Из-за песчаного холма выкатилось большое багровое солнце. Усилился ветер, подхвативший с земли песок и пыль.

– Крепче, крепче бейте! – кричал капитан, шагая вровень с Охрименко.

Солдаты, казалось, не слышали, что говорил Земсков. Лица их были замкнутыми, отчужденными, смотревшие тупо глаза перестали различать окружающее, и все то страшное, что они делали сейчас, делали бессознательно и машинально: выступали на шаг, наносили удар и становились на место.

– Братцы... пощадите! – чуть слышно стонал Охрименко.

Но щадящих наказывали.

– Как бьешь, собака! – то и дело раздавался грозный окрик капитана. По розгам соскучился?

Несчастный Охрименко приближался к тому месту, где стоял Зыгмунт. Уже медленно проследовал мимо унтер с землисто-серым лицом. Сераковского от Охрименко отделяла только длина ружья со штыком.

– Не вздумайте манкировать, Сераковский! – крикнул капитан Земсков. Я специально посмотрю, как вы исполните свой долг солдата.

– Не солдата, а палача... – ответил Зыгмунт, бледнея.

Силы покинули его, и в этом было его спасение: капитан не расслышал ответа. Сераковский увидел исполосованное багровыми рубцами, окровавленное месиво – то, чем стала спина осужденного, капля крови брызнула ему в лицо, и он, потеряв сознание, упал на землю.

– Оказывается, спирт понадобился не тому, кого секут, а тому, кто сечет, – пробормотал лекарь. Он подошел к Сераковскому, которого уже оттащили в сторону, и поднес ему к носу флакон со спиртом.

...Охрименко умер в госпитале через четыре часа после окончания экзекуции. Получив тысячу ударов, он свалился, тогда его привели в чувство, положили на дровни и возили взад-вперед между солдатскими рядами. Унтер теперь шел впереди лошади. По-прежнему грохотали барабаны. Капитан исступленно кричал, чтобы били больнее.

Гроб, который загодя сколотили плотники, на этот раз пригодился. Похоронили Охрименко за крепостной стеной, на маленьком, кладбище, где не росло ни одного деревца и только жесткая пыльная трава покрывала несколько могилок. Тот же плотник, который делал гроб, сколотил деревянный крест о восьми концах, а отец Феоктист наскоро отслужил панихиду по новопреставленному рабу божию Тарасу.

Уже все покинули кладбище, а Сераковский, обнажив голову, продолжал стоять перед свежим могильным холмиком из комьев желтой сухой глины. Вот жил на свете человек, добрый, безответный, тихий, вся вина его заключалась в том, что он не смог вынести издевательств над собой. За это его казнили мучительной казнью, казнили по закону, действующему повсюду в российской армии. И во имя чего? Во имя страха, который внушит солдатам эта казнь? Нет, не страх, а гнев и отвращение вызвала экзекуция в солдатских сердцах.
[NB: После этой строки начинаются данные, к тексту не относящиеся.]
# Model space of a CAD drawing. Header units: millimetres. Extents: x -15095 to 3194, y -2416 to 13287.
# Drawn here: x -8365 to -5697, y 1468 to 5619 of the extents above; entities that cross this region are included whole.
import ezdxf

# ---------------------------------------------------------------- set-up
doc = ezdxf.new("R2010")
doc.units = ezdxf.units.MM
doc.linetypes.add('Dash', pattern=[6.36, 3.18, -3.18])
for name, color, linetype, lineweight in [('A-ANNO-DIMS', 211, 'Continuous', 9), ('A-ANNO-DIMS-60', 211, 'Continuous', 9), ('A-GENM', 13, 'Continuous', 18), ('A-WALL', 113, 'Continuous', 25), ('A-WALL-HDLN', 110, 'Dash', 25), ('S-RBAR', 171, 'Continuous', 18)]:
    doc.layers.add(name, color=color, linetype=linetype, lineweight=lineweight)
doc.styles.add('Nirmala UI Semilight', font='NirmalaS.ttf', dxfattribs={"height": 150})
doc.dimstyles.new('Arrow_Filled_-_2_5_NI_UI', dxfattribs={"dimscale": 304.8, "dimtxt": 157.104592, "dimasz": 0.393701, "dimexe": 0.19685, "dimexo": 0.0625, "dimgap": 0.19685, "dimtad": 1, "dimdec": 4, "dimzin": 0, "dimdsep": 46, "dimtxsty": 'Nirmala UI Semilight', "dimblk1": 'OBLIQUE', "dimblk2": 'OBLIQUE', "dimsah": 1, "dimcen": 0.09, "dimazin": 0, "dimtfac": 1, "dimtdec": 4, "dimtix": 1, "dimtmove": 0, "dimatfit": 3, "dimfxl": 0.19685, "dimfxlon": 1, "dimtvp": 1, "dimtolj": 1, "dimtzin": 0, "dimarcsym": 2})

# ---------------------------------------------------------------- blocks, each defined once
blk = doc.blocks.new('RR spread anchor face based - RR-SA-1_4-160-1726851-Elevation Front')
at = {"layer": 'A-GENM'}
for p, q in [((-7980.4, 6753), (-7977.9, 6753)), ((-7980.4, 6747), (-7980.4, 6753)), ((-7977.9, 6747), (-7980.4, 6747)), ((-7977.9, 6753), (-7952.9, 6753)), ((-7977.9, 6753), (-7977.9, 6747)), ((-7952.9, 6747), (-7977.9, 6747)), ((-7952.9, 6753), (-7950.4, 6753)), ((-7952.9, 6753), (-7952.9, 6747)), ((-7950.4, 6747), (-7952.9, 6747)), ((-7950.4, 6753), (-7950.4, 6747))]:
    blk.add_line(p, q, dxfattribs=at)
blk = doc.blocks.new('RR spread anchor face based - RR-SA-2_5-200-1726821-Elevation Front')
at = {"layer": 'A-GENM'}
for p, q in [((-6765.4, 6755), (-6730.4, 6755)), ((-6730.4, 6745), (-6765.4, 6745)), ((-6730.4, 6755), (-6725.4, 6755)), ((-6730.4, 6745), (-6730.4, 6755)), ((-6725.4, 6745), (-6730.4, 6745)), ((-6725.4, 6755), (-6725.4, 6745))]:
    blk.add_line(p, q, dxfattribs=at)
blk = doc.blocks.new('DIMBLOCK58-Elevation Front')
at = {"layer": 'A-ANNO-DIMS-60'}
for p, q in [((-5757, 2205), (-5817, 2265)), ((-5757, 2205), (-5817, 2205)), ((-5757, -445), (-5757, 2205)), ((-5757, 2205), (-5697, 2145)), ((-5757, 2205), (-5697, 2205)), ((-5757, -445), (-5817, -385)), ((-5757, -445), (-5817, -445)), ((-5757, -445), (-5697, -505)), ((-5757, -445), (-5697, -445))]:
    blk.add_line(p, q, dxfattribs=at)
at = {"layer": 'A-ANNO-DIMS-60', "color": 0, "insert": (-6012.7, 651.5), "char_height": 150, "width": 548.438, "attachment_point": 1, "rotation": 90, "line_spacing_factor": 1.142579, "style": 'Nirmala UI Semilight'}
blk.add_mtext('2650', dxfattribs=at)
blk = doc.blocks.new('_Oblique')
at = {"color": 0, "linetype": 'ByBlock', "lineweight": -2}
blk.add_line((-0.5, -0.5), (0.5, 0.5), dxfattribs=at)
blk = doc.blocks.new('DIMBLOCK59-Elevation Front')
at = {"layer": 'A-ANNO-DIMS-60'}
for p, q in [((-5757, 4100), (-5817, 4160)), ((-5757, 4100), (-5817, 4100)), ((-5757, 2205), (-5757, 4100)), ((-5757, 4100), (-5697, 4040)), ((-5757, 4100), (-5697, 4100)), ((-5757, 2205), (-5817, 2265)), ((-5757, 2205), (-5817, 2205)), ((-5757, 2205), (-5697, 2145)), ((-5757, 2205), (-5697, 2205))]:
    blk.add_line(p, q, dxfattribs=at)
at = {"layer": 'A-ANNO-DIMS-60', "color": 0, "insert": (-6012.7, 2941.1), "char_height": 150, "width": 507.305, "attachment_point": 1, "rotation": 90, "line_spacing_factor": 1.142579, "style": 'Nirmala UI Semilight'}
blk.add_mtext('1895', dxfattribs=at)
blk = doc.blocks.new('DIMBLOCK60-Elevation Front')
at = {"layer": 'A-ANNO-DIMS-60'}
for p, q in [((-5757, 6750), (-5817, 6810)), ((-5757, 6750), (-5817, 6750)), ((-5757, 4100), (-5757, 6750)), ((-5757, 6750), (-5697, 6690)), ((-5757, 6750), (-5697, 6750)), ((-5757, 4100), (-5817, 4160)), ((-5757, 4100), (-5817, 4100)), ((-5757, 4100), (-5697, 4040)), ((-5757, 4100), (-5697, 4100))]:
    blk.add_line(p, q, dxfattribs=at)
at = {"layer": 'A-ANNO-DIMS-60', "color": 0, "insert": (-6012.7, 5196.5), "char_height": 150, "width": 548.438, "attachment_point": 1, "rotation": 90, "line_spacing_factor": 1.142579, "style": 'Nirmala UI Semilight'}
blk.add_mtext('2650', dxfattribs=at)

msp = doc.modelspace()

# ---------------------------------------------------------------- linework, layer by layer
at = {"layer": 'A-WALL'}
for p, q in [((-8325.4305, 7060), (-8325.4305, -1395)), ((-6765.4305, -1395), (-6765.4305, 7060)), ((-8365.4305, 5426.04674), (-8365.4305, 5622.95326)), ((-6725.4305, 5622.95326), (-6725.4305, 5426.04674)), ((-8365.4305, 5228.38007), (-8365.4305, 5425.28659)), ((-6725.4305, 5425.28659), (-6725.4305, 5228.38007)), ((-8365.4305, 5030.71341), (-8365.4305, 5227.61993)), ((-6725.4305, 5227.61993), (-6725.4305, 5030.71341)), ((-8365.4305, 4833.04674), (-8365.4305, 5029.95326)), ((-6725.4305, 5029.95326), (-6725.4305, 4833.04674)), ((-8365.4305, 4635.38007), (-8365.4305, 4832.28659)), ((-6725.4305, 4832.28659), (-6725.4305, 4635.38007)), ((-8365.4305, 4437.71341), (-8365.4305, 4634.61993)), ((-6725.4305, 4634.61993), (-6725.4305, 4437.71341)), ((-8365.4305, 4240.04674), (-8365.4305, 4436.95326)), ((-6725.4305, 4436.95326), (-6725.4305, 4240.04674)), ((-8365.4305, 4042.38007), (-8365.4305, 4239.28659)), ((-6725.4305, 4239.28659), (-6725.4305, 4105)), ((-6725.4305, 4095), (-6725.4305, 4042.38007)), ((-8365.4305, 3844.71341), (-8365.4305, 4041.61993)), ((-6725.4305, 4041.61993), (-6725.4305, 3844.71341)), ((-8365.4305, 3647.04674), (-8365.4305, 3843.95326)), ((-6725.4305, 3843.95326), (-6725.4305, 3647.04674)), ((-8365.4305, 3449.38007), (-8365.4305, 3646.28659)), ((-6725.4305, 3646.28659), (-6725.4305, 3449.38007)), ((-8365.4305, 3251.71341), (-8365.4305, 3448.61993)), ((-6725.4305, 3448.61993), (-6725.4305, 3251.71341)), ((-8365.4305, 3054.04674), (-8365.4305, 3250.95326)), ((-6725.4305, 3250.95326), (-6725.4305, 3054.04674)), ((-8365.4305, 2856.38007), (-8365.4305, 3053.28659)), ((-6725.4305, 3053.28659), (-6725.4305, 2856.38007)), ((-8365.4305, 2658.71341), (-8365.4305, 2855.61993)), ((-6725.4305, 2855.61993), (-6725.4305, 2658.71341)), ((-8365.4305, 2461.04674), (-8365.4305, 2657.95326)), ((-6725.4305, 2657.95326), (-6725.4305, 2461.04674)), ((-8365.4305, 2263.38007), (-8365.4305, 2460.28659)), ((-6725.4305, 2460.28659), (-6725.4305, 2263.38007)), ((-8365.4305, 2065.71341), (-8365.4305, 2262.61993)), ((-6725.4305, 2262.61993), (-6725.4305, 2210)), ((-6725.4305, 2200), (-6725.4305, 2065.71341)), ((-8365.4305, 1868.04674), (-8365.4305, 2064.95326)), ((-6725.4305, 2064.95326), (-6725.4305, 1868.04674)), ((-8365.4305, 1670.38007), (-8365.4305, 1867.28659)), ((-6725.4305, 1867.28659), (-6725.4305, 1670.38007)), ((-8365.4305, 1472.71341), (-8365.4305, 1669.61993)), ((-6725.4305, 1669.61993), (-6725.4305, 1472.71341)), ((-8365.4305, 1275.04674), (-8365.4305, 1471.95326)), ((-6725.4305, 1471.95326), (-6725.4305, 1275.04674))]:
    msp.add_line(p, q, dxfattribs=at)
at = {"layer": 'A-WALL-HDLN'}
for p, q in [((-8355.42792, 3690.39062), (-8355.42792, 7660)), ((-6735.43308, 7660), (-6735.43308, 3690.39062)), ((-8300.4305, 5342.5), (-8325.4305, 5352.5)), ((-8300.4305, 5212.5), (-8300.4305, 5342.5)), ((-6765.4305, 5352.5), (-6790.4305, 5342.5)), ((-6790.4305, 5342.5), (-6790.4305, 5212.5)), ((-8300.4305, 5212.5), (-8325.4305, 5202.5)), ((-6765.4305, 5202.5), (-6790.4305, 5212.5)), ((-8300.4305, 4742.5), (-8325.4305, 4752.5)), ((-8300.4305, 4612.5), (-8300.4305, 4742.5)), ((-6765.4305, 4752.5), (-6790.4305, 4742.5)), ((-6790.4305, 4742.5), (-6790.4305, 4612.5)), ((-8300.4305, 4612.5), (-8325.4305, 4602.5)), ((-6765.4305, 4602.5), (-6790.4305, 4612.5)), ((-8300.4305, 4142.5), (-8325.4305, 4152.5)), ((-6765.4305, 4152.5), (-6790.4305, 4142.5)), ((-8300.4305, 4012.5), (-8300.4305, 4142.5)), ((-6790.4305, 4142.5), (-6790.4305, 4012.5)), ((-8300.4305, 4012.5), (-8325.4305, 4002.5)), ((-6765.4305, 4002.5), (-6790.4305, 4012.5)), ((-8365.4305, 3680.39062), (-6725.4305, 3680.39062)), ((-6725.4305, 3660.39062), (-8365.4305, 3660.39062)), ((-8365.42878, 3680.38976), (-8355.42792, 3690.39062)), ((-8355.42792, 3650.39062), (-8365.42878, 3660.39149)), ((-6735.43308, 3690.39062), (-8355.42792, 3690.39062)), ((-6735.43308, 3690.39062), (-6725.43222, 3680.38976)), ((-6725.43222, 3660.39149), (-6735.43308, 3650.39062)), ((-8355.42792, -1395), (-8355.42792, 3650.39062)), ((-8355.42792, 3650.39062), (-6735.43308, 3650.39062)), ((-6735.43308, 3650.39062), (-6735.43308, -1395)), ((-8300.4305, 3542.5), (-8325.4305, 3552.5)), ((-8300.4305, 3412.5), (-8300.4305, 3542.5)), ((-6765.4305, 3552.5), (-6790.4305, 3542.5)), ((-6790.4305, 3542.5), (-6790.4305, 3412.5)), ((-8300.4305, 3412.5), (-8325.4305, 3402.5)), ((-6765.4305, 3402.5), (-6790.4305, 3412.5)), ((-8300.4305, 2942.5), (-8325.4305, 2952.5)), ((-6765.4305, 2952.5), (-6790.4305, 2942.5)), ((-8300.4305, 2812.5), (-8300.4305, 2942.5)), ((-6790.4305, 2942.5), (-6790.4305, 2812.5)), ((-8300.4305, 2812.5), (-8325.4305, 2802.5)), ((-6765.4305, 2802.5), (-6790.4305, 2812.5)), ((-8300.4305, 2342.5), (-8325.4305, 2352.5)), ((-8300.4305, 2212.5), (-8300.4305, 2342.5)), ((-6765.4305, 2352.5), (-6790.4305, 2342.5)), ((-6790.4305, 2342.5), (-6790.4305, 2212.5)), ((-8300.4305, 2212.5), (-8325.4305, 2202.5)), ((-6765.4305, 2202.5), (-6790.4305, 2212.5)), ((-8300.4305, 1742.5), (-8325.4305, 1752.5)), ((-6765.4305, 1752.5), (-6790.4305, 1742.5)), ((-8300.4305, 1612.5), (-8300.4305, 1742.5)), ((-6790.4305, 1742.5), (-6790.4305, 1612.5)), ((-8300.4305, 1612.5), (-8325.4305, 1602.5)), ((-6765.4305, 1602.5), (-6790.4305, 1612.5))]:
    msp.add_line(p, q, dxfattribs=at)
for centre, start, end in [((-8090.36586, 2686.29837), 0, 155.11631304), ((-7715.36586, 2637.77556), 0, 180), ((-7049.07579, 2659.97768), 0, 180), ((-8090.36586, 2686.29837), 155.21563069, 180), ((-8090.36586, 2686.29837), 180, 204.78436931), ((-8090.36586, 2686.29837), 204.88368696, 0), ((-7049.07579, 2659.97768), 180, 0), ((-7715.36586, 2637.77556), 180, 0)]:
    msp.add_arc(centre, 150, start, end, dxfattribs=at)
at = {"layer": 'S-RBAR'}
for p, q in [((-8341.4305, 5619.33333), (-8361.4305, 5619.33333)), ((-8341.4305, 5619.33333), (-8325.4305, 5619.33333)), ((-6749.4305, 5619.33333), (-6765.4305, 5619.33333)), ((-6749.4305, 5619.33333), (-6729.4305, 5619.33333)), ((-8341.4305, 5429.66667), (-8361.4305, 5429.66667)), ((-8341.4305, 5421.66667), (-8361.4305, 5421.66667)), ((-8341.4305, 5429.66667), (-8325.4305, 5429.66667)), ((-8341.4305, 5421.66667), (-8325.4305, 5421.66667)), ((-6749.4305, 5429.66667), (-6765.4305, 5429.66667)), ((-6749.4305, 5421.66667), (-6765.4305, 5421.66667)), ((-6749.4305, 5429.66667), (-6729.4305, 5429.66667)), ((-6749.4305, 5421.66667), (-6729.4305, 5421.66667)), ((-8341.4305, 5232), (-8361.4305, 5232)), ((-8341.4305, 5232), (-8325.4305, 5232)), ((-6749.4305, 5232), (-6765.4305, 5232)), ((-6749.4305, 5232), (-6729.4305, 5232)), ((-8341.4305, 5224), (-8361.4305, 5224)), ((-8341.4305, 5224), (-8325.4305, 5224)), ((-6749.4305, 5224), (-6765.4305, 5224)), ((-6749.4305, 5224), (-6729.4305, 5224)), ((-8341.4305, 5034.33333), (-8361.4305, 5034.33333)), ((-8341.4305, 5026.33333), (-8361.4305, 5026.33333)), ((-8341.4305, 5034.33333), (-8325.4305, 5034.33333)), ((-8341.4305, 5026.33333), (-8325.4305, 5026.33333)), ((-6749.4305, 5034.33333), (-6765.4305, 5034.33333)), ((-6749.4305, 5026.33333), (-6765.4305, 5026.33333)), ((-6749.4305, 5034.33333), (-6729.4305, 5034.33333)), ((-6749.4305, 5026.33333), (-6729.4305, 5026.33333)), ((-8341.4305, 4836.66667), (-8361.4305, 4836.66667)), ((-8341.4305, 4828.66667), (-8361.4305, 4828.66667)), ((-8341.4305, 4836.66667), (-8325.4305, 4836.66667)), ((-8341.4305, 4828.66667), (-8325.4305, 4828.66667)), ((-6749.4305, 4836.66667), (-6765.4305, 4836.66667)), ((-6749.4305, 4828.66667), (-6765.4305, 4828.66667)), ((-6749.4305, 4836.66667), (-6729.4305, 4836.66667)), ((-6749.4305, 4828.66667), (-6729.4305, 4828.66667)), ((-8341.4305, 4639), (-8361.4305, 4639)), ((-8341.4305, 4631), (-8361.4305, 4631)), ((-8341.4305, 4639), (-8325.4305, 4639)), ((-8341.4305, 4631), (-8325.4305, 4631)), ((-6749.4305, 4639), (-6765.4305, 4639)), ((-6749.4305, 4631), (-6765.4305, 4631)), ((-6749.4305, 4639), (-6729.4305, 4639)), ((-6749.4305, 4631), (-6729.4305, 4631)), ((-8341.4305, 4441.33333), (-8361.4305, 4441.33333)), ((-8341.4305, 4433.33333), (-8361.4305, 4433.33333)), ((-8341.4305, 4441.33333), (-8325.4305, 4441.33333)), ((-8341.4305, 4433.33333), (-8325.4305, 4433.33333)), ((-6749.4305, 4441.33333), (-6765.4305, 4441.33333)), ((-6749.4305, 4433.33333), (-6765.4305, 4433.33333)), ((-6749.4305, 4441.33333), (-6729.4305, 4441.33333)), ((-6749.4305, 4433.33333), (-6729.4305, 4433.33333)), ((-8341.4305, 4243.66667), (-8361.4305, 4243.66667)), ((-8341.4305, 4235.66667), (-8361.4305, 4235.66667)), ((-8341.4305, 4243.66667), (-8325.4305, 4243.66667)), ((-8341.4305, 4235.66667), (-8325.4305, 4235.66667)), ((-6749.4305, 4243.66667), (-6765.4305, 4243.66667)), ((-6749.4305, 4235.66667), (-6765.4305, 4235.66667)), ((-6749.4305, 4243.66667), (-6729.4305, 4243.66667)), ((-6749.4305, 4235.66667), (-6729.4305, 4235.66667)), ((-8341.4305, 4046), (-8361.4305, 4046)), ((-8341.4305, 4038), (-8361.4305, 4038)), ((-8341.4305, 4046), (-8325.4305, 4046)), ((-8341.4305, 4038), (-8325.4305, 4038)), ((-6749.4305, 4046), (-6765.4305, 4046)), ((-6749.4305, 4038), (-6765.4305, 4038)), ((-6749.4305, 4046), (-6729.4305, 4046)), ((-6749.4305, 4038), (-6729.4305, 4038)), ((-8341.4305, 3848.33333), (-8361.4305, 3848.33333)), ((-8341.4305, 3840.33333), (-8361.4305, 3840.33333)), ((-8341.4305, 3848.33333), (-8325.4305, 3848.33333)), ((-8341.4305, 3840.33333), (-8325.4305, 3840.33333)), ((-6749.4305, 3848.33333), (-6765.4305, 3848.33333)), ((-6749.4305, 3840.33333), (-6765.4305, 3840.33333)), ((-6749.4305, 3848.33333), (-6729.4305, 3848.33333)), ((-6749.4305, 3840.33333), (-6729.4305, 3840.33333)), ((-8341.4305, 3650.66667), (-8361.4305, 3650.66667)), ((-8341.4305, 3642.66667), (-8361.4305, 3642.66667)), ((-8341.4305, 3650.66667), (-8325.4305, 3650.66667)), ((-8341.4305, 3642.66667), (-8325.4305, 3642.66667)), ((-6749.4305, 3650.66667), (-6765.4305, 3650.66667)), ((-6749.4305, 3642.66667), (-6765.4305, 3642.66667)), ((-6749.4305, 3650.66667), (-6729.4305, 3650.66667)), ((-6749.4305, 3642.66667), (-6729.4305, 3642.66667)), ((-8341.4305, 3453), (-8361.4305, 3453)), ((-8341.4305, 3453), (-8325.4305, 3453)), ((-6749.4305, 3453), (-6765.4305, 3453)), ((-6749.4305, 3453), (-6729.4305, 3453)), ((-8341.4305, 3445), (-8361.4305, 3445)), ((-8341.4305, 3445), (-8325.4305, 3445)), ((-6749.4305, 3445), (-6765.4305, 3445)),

Острую жалость к так называемому "преступнику", злобу и ненависть к тем, кто заставил их убить своего товарища.

– Пойдем, Зыгмунт... – Сераковский не заметил, как к нему подошел Погорелов. – Смотрю – тебя нигде нету...

– Сначала издевательствами довести человека до побега, а потом за этот побег его казнить. Как это нелепо и гнусно!

– Много в жизни нелепого и гнусного, Сераковский.

– Я никогда, понимаешь, никогда не забуду Охрименко. Ведь надо же что-то делать!

Погорелов пожал плечами.

– Что именно?

– Бороться! Протестовать! Взывать к совести тех, кто это допускает!..

Казнь Охрименко, страшные приготовления к ней потрясли Сераковского, он даже забыл, что с первой лодкой, на обратном пути увезшей майора Михайлина, прибыли газеты, которых он так ждал всю зиму. В воскресенье он все же пошел на квартиру к майору и попросил его жену показать их. Без хозяина газет никто не трогал, они лежали, связанные в пачку.

– Располагайтесь, Сигизмунд Игнатьевич. Я вам мешать не буду, сказала Михайлина. – Коля с денщиком куда-то уехали...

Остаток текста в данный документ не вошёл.